* TASK:
All lines below containing "part" are to be listed.

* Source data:
—————
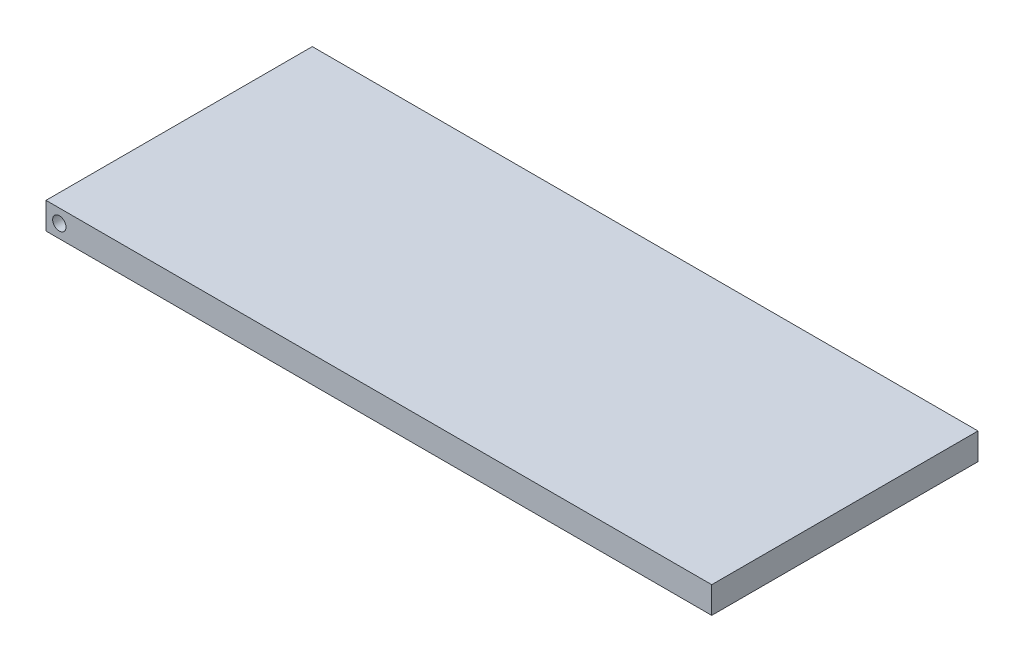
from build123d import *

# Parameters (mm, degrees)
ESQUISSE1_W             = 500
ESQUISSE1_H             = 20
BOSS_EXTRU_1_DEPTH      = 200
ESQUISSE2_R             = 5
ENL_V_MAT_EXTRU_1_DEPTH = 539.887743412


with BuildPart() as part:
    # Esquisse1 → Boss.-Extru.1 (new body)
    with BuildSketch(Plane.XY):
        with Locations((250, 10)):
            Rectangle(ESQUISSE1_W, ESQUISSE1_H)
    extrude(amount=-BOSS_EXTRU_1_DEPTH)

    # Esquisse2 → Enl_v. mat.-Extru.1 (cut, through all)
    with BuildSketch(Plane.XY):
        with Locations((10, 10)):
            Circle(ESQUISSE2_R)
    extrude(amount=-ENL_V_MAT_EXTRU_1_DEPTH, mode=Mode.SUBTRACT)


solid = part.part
—————
* ANSWER FOR THIS EXERCISE:
with BuildPart() as part:
solid = part.part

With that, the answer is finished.